Task prompt: Lines below starting with the line with "#321=CONICAL_SURFACE('',#320,0.5,0.785398163397444);" and going on through the line with "#328=ADVANCED_FACE('F195',(#324,#327),#321,.T.);" must be output exactly; the rest of the records must be left out.

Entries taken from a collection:
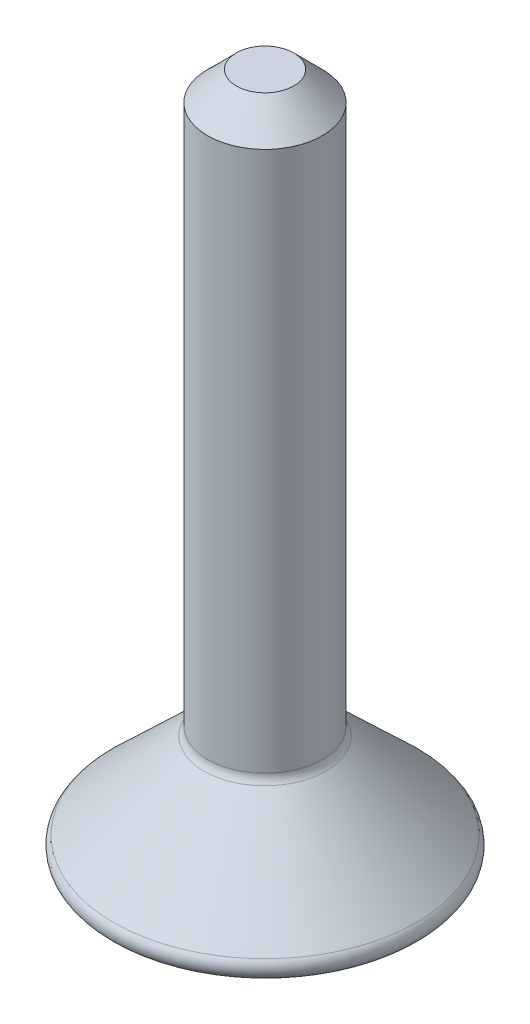
ISO-10303-21;
HEADER;
FILE_DESCRIPTION(('STEP AP214'),'2;1');
FILE_NAME('part.step','',(''),(''),'','','');
FILE_SCHEMA(('AUTOMOTIVE_DESIGN { 1 0 10303 214 1 1 1 1 }'));
ENDSEC;
DATA;
#1=APPLICATION_CONTEXT('core data for automotive mechanical design processes');
#2=APPLICATION_PROTOCOL_DEFINITION('international standard','automotive_design',2000,#1);
#3=PRODUCT_CONTEXT('',#1,'mechanical');
#4=PRODUCT('Part','Part','',(#3));
#5=PRODUCT_RELATED_PRODUCT_CATEGORY('part','',(#4));
#6=PRODUCT_DEFINITION_FORMATION('','',#4);
#7=PRODUCT_DEFINITION_CONTEXT('part definition',#1,'design');
#8=PRODUCT_DEFINITION('design','',#6,#7);
#9=PRODUCT_DEFINITION_SHAPE('','',#8);
#10=(LENGTH_UNIT() NAMED_UNIT(*) SI_UNIT(.MILLI.,.METRE.));
#11=(NAMED_UNIT(*) PLANE_ANGLE_UNIT() SI_UNIT($,.RADIAN.));
#12=(NAMED_UNIT(*) SI_UNIT($,.STERADIAN.) SOLID_ANGLE_UNIT());
#13=UNCERTAINTY_MEASURE_WITH_UNIT(LENGTH_MEASURE(1.E-05),#10,'distance_accuracy_value','');
#14=(GEOMETRIC_REPRESENTATION_CONTEXT(3) GLOBAL_UNCERTAINTY_ASSIGNED_CONTEXT((#13)) GLOBAL_UNIT_ASSIGNED_CONTEXT((#10,
#11,#12)) REPRESENTATION_CONTEXT('',''));
#15=CARTESIAN_POINT('',(0.,0.,0.));
#16=DIRECTION('',(0.,0.,1.));
#17=DIRECTION('',(1.,0.,0.));
#18=AXIS2_PLACEMENT_3D('',#15,#16,#17);
#19=CARTESIAN_POINT('',(0.,0.,0.));
#20=DIRECTION('',(0.,-1.,0.));
#21=DIRECTION('',(0.,0.,-1.));
#22=AXIS2_PLACEMENT_3D('',#19,#20,#21);
#23=CONICAL_SURFACE('',#22,3.,0.811033571919126);
#24=CARTESIAN_POINT('',(0.,1.84086239776379,0.));
#25=DIRECTION('',(0.,-1.,0.));
#26=DIRECTION('',(0.,0.,-1.));
#27=AXIS2_PLACEMENT_3D('',#24,#25,#26);
#28=CIRCLE('',#27,1.06225010761706);
#29=CARTESIAN_POINT('',(0.,1.84086239776379,-1.06225010761706));
#30=VERTEX_POINT('',#29);
#31=EDGE_CURVE('E56',#30,#30,#28,.T.);
#32=ORIENTED_EDGE('',*,*,#31,.T.);
#33=EDGE_LOOP('',(#32));
#34=FACE_BOUND('',#33,.T.);
#35=CARTESIAN_POINT('',(0.,0.344999886718883,0.));
#36=DIRECTION('',(0.,1.,0.));
#37=DIRECTION('',(0.,0.,1.));
#38=AXIS2_PLACEMENT_3D('',#35,#36,#37);
#39=CIRCLE('',#38,2.63684222450644);
#40=CARTESIAN_POINT('',(0.,0.344999886718883,2.63684222450644));
#41=VERTEX_POINT('',#40);
#42=EDGE_CURVE('E183',#41,#41,#39,.T.);
#43=ORIENTED_EDGE('',*,*,#42,.T.);
#44=EDGE_LOOP('',(#43));
#45=FACE_BOUND('',#44,.T.);
#46=ADVANCED_FACE('F47',(#34,#45),#23,.T.);
#47=CARTESIAN_POINT('',(3.,0.,0.));
#48=DIRECTION('',(0.,1.,0.));
#49=DIRECTION('',(0.,0.,1.));
#50=AXIS2_PLACEMENT_3D('',#47,#48,#49);
#51=PLANE('',#50);
#52=CARTESIAN_POINT('',(0.,0.,0.));
#53=DIRECTION('',(0.,1.,0.));
#54=DIRECTION('',(0.,0.,1.));
#55=AXIS2_PLACEMENT_3D('',#52,#53,#54);
#56=CIRCLE('',#55,2.4990923321235);
#57=CARTESIAN_POINT('',(0.,0.,2.4990923321235));
#58=VERTEX_POINT('',#57);
#59=EDGE_CURVE('E11',#58,#58,#56,.F.);
#60=ORIENTED_EDGE('',*,*,#59,.T.);
#61=EDGE_LOOP('',(#60));
#62=FACE_BOUND('',#61,.T.);
#63=DIRECTION('',(-0.866025403784439,0.,-0.5));
#64=VECTOR('',#63,1.);
#65=CARTESIAN_POINT('',(0.,0.,1.15470053837925));
#66=LINE('',#65,#64);
#67=CARTESIAN_POINT('',(0.,0.,1.15470053837925));
#68=VERTEX_POINT('',#67);
#69=CARTESIAN_POINT('',(-1.,0.,0.577350269189626));
#70=VERTEX_POINT('',#69);
#71=EDGE_CURVE('E143',#68,#70,#66,.T.);
#72=ORIENTED_EDGE('',*,*,#71,.F.);
#73=DIRECTION('',(-0.866025403784439,0.,0.5));
#74=VECTOR('',#73,1.);
#75=CARTESIAN_POINT('',(1.,0.,0.577350269189626));
#76=LINE('',#75,#74);
#77=CARTESIAN_POINT('',(1.,0.,0.577350269189626));
#78=VERTEX_POINT('',#77);
#79=EDGE_CURVE('E63',#78,#68,#76,.T.);
#80=ORIENTED_EDGE('',*,*,#79,.F.);
#81=DIRECTION('',(0.,0.,1.));
#82=VECTOR('',#81,1.);
#83=CARTESIAN_POINT('',(1.,0.,-0.577350269189626));
#84=LINE('',#83,#82);
#85=CARTESIAN_POINT('',(1.,0.,-0.577350269189626));
#86=VERTEX_POINT('',#85);
#87=EDGE_CURVE('E156',#86,#78,#84,.T.);
#88=ORIENTED_EDGE('',*,*,#87,.F.);
#89=DIRECTION('',(0.866025403784439,0.,0.5));
#90=VECTOR('',#89,1.);
#91=CARTESIAN_POINT('',(0.,0.,-1.15470053837925));
#92=LINE('',#91,#90);
#93=CARTESIAN_POINT('',(0.,0.,-1.15470053837925));
#94=VERTEX_POINT('',#93);
#95=EDGE_CURVE('E153',#94,#86,#92,.T.);
#96=ORIENTED_EDGE('',*,*,#95,.F.);
#97=DIRECTION('',(0.866025403784439,0.,-0.5));
#98=VECTOR('',#97,1.);
#99=CARTESIAN_POINT('',(-1.,0.,-0.577350269189626));
#100=LINE('',#99,#98);
#101=CARTESIAN_POINT('',(-1.,0.,-0.577350269189626));
#102=VERTEX_POINT('',#101);
#103=EDGE_CURVE('E111',#102,#94,#100,.T.);
#104=ORIENTED_EDGE('',*,*,#103,.F.);
#105=DIRECTION('',(0.,0.,-1.));
#106=VECTOR('',#105,1.);
#107=CARTESIAN_POINT('',(-1.,0.,0.577350269189626));
#108=LINE('',#107,#106);
#109=EDGE_CURVE('E147',#70,#102,#108,.T.);
#110=ORIENTED_EDGE('',*,*,#109,.F.);
#111=EDGE_LOOP('',(#72,#80,#88,#96,#104,#110));
#112=FACE_BOUND('',#111,.T.);
#113=ADVANCED_FACE('F202',(#62,#112),#51,.F.);
#114=CARTESIAN_POINT('',(0.,11.9,0.));
#115=DIRECTION('',(0.,-1.,0.));
#116=DIRECTION('',(0.,0.,-1.));
#117=AXIS2_PLACEMENT_3D('',#114,#115,#116);
#118=CYLINDRICAL_SURFACE('',#117,1.);
#119=CARTESIAN_POINT('',(0.,1.98586228448267,0.));
#120=DIRECTION('',(0.,1.,0.));
#121=DIRECTION('',(0.,0.,1.));
#122=AXIS2_PLACEMENT_3D('',#119,#120,#121);
#123=CIRCLE('',#122,1.);
#124=CARTESIAN_POINT('',(0.,1.98586228448267,1.));
#125=VERTEX_POINT('',#124);
#126=EDGE_CURVE('E179',#125,#125,#123,.T.);
#127=ORIENTED_EDGE('',*,*,#126,.T.);
#128=EDGE_LOOP('',(#127));
#129=FACE_BOUND('',#128,.T.);
#130=CARTESIAN_POINT('',(0.,11.4,0.));
#131=DIRECTION('',(0.,1.,0.));
#132=DIRECTION('',(0.,0.,1.));
#133=AXIS2_PLACEMENT_3D('',#130,#131,#132);
#134=CIRCLE('',#133,1.);
#135=CARTESIAN_POINT('',(0.,11.4,1.));
#136=VERTEX_POINT('',#135);
#137=EDGE_CURVE('E175',#136,#136,#134,.F.);
#138=ORIENTED_EDGE('',*,*,#137,.T.);
#139=EDGE_LOOP('',(#138));
#140=FACE_BOUND('',#139,.T.);
#141=ADVANCED_FACE('F198',(#129,#140),#118,.T.);
#142=CARTESIAN_POINT('',(0.,11.9,0.));
#143=DIRECTION('',(0.,1.,0.));
#144=DIRECTION('',(0.,0.,1.));
#145=AXIS2_PLACEMENT_3D('',#142,#143,#144);
#146=PLANE('',#145);
#147=CARTESIAN_POINT('',(0.,11.9,0.));
#148=DIRECTION('',(0.,1.,0.));
#149=DIRECTION('',(0.,0.,1.));
#150=AXIS2_PLACEMENT_3D('',#147,#148,#149);
#151=CIRCLE('',#150,0.5);
#152=CARTESIAN_POINT('',(0.,11.9,0.5));
#153=VERTEX_POINT('',#152);
#154=EDGE_CURVE('E162',#153,#153,#151,.T.);
#155=ORIENTED_EDGE('',*,*,#154,.T.);
#156=EDGE_LOOP('',(#155));
#157=FACE_BOUND('',#156,.T.);
#158=ADVANCED_FACE('F201',(#157),#146,.T.);
#159=CARTESIAN_POINT('',(1.,1.,0.577350269189626));
#160=DIRECTION('',(0.5,0.,0.866025403784439));
#161=DIRECTION('',(0.866025403784439,0.,-0.5));
#162=AXIS2_PLACEMENT_3D('',#159,#160,#161);
#163=PLANE('',#162);
#164=ORIENTED_EDGE('',*,*,#79,.T.);
#165=DIRECTION('',(0.,-1.,0.));
#166=VECTOR('',#165,1.);
#167=CARTESIAN_POINT('',(0.,1.,1.15470053837925));
#168=LINE('',#167,#166);
#169=CARTESIAN_POINT('',(0.,1.,1.15470053837925));
#170=VERTEX_POINT('',#169);
#171=EDGE_CURVE('E93',#170,#68,#168,.T.);
#172=ORIENTED_EDGE('',*,*,#171,.F.);
#173=DIRECTION('',(-0.866025403784439,0.,0.5));
#174=VECTOR('',#173,1.);
#175=CARTESIAN_POINT('',(1.,1.,0.577350269189626));
#176=LINE('',#175,#174);
#177=CARTESIAN_POINT('',(1.,1.,0.577350269189626));
#178=VERTEX_POINT('',#177);
#179=EDGE_CURVE('E159',#178,#170,#176,.T.);
#180=ORIENTED_EDGE('',*,*,#179,.F.);
#181=DIRECTION('',(0.,-1.,0.));
#182=VECTOR('',#181,1.);
#183=CARTESIAN_POINT('',(1.,1.,0.577350269189626));
#184=LINE('',#183,#182);
#185=EDGE_CURVE('E71',#178,#78,#184,.T.);
#186=ORIENTED_EDGE('',*,*,#185,.T.);
#187=EDGE_LOOP('',(#164,#172,#180,#186));
#188=FACE_BOUND('',#187,.T.);
#189=ADVANCED_FACE('F212',(#188),#163,.F.);
#190=CARTESIAN_POINT('',(1.,1.,-0.577350269189626));
#191=DIRECTION('',(1.,0.,0.));
#192=DIRECTION('',(0.,0.,-1.));
#193=AXIS2_PLACEMENT_3D('',#190,#191,#192);
#194=PLANE('',#193);
#195=ORIENTED_EDGE('',*,*,#87,.T.);
#196=ORIENTED_EDGE('',*,*,#185,.F.);
#197=DIRECTION('',(0.,0.,1.));
#198=VECTOR('',#197,1.);
#199=CARTESIAN_POINT('',(1.,1.,-0.577350269189626));
#200=LINE('',#199,#198);
#201=CARTESIAN_POINT('',(1.,1.,-0.577350269189626));
#202=VERTEX_POINT('',#201);
#203=EDGE_CURVE('E125',#202,#178,#200,.T.);
#204=ORIENTED_EDGE('',*,*,#203,.F.);
#205=DIRECTION('',(0.,-1.,0.));
#206=VECTOR('',#205,1.);
#207=CARTESIAN_POINT('',(1.,1.,-0.577350269189626));
#208=LINE('',#207,#206);
#209=EDGE_CURVE('E116',#202,#86,#208,.T.);
#210=ORIENTED_EDGE('',*,*,#209,.T.);
#211=EDGE_LOOP('',(#195,#196,#204,#210));
#212=FACE_BOUND('',#211,.T.);
#213=ADVANCED_FACE('F218',(#212),#194,.F.);
#214=CARTESIAN_POINT('',(0.,1.,-1.15470053837925));
#215=DIRECTION('',(0.5,0.,-0.866025403784439));
#216=DIRECTION('',(-0.866025403784439,0.,-0.5));
#217=AXIS2_PLACEMENT_3D('',#214,#215,#216);
#218=PLANE('',#217);
#219=ORIENTED_EDGE('',*,*,#95,.T.);
#220=ORIENTED_EDGE('',*,*,#209,.F.);
#221=DIRECTION('',(0.866025403784439,0.,0.5));
#222=VECTOR('',#221,1.);
#223=CARTESIAN_POINT('',(0.,1.,-1.15470053837925));
#224=LINE('',#223,#222);
#225=CARTESIAN_POINT('',(0.,1.,-1.15470053837925));
#226=VERTEX_POINT('',#225);
#227=EDGE_CURVE('E120',#226,#202,#224,.T.);
#228=ORIENTED_EDGE('',*,*,#227,.F.);
#229=DIRECTION('',(0.,-1.,0.));
#230=VECTOR('',#229,1.);
#231=CARTESIAN_POINT('',(0.,1.,-1.15470053837925));
#232=LINE('',#231,#230);
#233=EDGE_CURVE('E104',#226,#94,#232,.T.);
#234=ORIENTED_EDGE('',*,*,#233,.T.);
#235=EDGE_LOOP('',(#219,#220,#228,#234));
#236=FACE_BOUND('',#235,.T.);
#237=ADVANCED_FACE('F121',(#236),#218,.F.);
#238=CARTESIAN_POINT('',(-1.,1.,-0.577350269189626));
#239=DIRECTION('',(-0.5,0.,-0.866025403784439));
#240=DIRECTION('',(-0.866025403784439,0.,0.5));
#241=AXIS2_PLACEMENT_3D('',#238,#239,#240);
#242=PLANE('',#241);
#243=ORIENTED_EDGE('',*,*,#103,.T.);
#244=ORIENTED_EDGE('',*,*,#233,.F.);
#245=DIRECTION('',(0.866025403784439,0.,-0.5));
#246=VECTOR('',#245,1.);
#247=CARTESIAN_POINT('',(-1.,1.,-0.577350269189626));
#248=LINE('',#247,#246);
#249=CARTESIAN_POINT('',(-1.,1.,-0.577350269189626));
#250=VERTEX_POINT('',#249);
#251=EDGE_CURVE('E108',#250,#226,#248,.T.);
#252=ORIENTED_EDGE('',*,*,#251,.F.);
#253=DIRECTION('',(0.,-1.,0.));
#254=VECTOR('',#253,1.);
#255=CARTESIAN_POINT('',(-1.,1.,-0.577350269189626));
#256=LINE('',#255,#254);
#257=EDGE_CURVE('E117',#250,#102,#256,.T.);
#258=ORIENTED_EDGE('',*,*,#257,.T.);
#259=EDGE_LOOP('',(#243,#244,#252,#258));
#260=FACE_BOUND('',#259,.T.);
#261=ADVANCED_FACE('F106',(#260),#242,.F.);
#262=CARTESIAN_POINT('',(-1.,1.,0.577350269189626));
#263=DIRECTION('',(-1.,0.,0.));
#264=DIRECTION('',(0.,0.,1.));
#265=AXIS2_PLACEMENT_3D('',#262,#263,#264);
#266=PLANE('',#265);
#267=ORIENTED_EDGE('',*,*,#109,.T.);
#268=ORIENTED_EDGE('',*,*,#257,.F.);
#269=DIRECTION('',(0.,0.,-1.));
#270=VECTOR('',#269,1.);
#271=CARTESIAN_POINT('',(-1.,1.,0.577350269189626));
#272=LINE('',#271,#270);
#273=CARTESIAN_POINT('',(-1.,1.,0.577350269189626));
#274=VERTEX_POINT('',#273);
#275=EDGE_CURVE('E131',#274,#250,#272,.T.);
#276=ORIENTED_EDGE('',*,*,#275,.F.);
#277=DIRECTION('',(0.,-1.,0.));
#278=VECTOR('',#277,1.);
#279=CARTESIAN_POINT('',(-1.,1.,0.577350269189626));
#280=LINE('',#279,#278);
#281=EDGE_CURVE('E167',#274,#70,#280,.T.);
#282=ORIENTED_EDGE('',*,*,#281,.T.);
#283=EDGE_LOOP('',(#267,#268,#276,#282));
#284=FACE_BOUND('',#283,.T.);
#285=ADVANCED_FACE('F252',(#284),#266,.F.);
#286=CARTESIAN_POINT('',(0.,1.,1.15470053837925));
#287=DIRECTION('',(-0.5,0.,0.866025403784439));
#288=DIRECTION('',(0.866025403784439,0.,0.5));
#289=AXIS2_PLACEMENT_3D('',#286,#287,#288);
#290=PLANE('',#289);
#291=ORIENTED_EDGE('',*,*,#71,.T.);
#292=ORIENTED_EDGE('',*,*,#281,.F.);
#293=DIRECTION('',(-0.866025403784439,0.,-0.5));
#294=VECTOR('',#293,1.);
#295=CARTESIAN_POINT('',(0.,1.,1.15470053837925));
#296=LINE('',#295,#294);
#297=EDGE_CURVE('E135',#170,#274,#296,.T.);
#298=ORIENTED_EDGE('',*,*,#297,.F.);
#299=ORIENTED_EDGE('',*,*,#171,.T.);
#300=EDGE_LOOP('',(#291,#292,#298,#299));
#301=FACE_BOUND('',#300,.T.);
#302=ADVANCED_FACE('F238',(#301),#290,.F.);
#303=CARTESIAN_POINT('',(0.,1.,0.));
#304=DIRECTION('',(0.,-1.,0.));
#305=DIRECTION('',(0.,0.,-1.));
#306=AXIS2_PLACEMENT_3D('',#303,#304,#305);
#307=PLANE('',#306);
#308=ORIENTED_EDGE('',*,*,#179,.T.);
#309=ORIENTED_EDGE('',*,*,#297,.T.);
#310=ORIENTED_EDGE('',*,*,#275,.T.);
#311=ORIENTED_EDGE('',*,*,#251,.T.);
#312=ORIENTED_EDGE('',*,*,#227,.T.);
#313=ORIENTED_EDGE('',*,*,#203,.T.);
#314=EDGE_LOOP('',(#308,#309,#310,#311,#312,#313));
#315=FACE_BOUND('',#314,.T.);
#316=ADVANCED_FACE('F128',(#315),#307,.T.);
#317=CARTESIAN_POINT('',(0.,11.9,0.));
#318=DIRECTION('',(0.,-1.,0.));
#319=DIRECTION('',(0.,0.,-1.));
#320=AXIS2_PLACEMENT_3D('',#317,#318,#319);
#321=CONICAL_SURFACE('',#320,0.5,0.785398163397444);
#322=ORIENTED_EDGE('',*,*,#137,.F.);
#323=EDGE_LOOP('',(#322));
#324=FACE_BOUND('',#323,.T.);
#325=ORIENTED_EDGE('',*,*,#154,.F.);
#326=EDGE_LOOP('',(#325));
#327=FACE_BOUND('',#326,.T.);
#328=ADVANCED_FACE('F195',(#324,#327),#321,.T.);
#329=CARTESIAN_POINT('',(0.,1.98586228448267,0.));
#330=DIRECTION('',(0.,1.,0.));
#331=DIRECTION('',(0.,0.,1.));
#332=AXIS2_PLACEMENT_3D('',#329,#330,#331);
#333=TOROIDAL_SURFACE('',#332,1.2,0.2);
#334=ORIENTED_EDGE('',*,*,#31,.F.);
#335=EDGE_LOOP('',(#334));
#336=FACE_BOUND('',#335,.T.);
#337=ORIENTED_EDGE('',*,*,#126,.F.);
#338=EDGE_LOOP('',(#337));
#339=FACE_BOUND('',#338,.T.);
#340=ADVANCED_FACE('F192',(#336,#339),#333,.F.);
#341=CARTESIAN_POINT('',(0.,0.2,0.));
#342=DIRECTION('',(0.,1.,0.));
#343=DIRECTION('',(0.,0.,1.));
#344=AXIS2_PLACEMENT_3D('',#341,#342,#343);
#345=TOROIDAL_SURFACE('',#344,2.4990923321235,0.2);
#346=ORIENTED_EDGE('',*,*,#59,.F.);
#347=EDGE_LOOP('',(#346));
#348=FACE_BOUND('',#347,.T.);
#349=ORIENTED_EDGE('',*,*,#42,.F.);
#350=EDGE_LOOP('',(#349));
#351=FACE_BOUND('',#350,.T.);
#352=ADVANCED_FACE('F49',(#348,#351),#345,.T.);
#353=CLOSED_SHELL('',(#46,#113,#141,#158,#189,#213,#237,#261,#285,#302,#316,#328,#340,#352));
#354=MANIFOLD_SOLID_BREP('B2',#353);
#355=ADVANCED_BREP_SHAPE_REPRESENTATION('',(#18,#354),#14);
#356=SHAPE_DEFINITION_REPRESENTATION(#9,#355);
ENDSEC;
END-ISO-10303-21;

Response box:
#321=CONICAL_SURFACE('',#320,0.5,0.785398163397444);
#322=ORIENTED_EDGE('',*,*,#137,.F.);
#323=EDGE_LOOP('',(#322));
#324=FACE_BOUND('',#323,.T.);
#325=ORIENTED_EDGE('',*,*,#154,.F.);
#326=EDGE_LOOP('',(#325));
#327=FACE_BOUND('',#326,.T.);
#328=ADVANCED_FACE('F195',(#324,#327),#321,.T.);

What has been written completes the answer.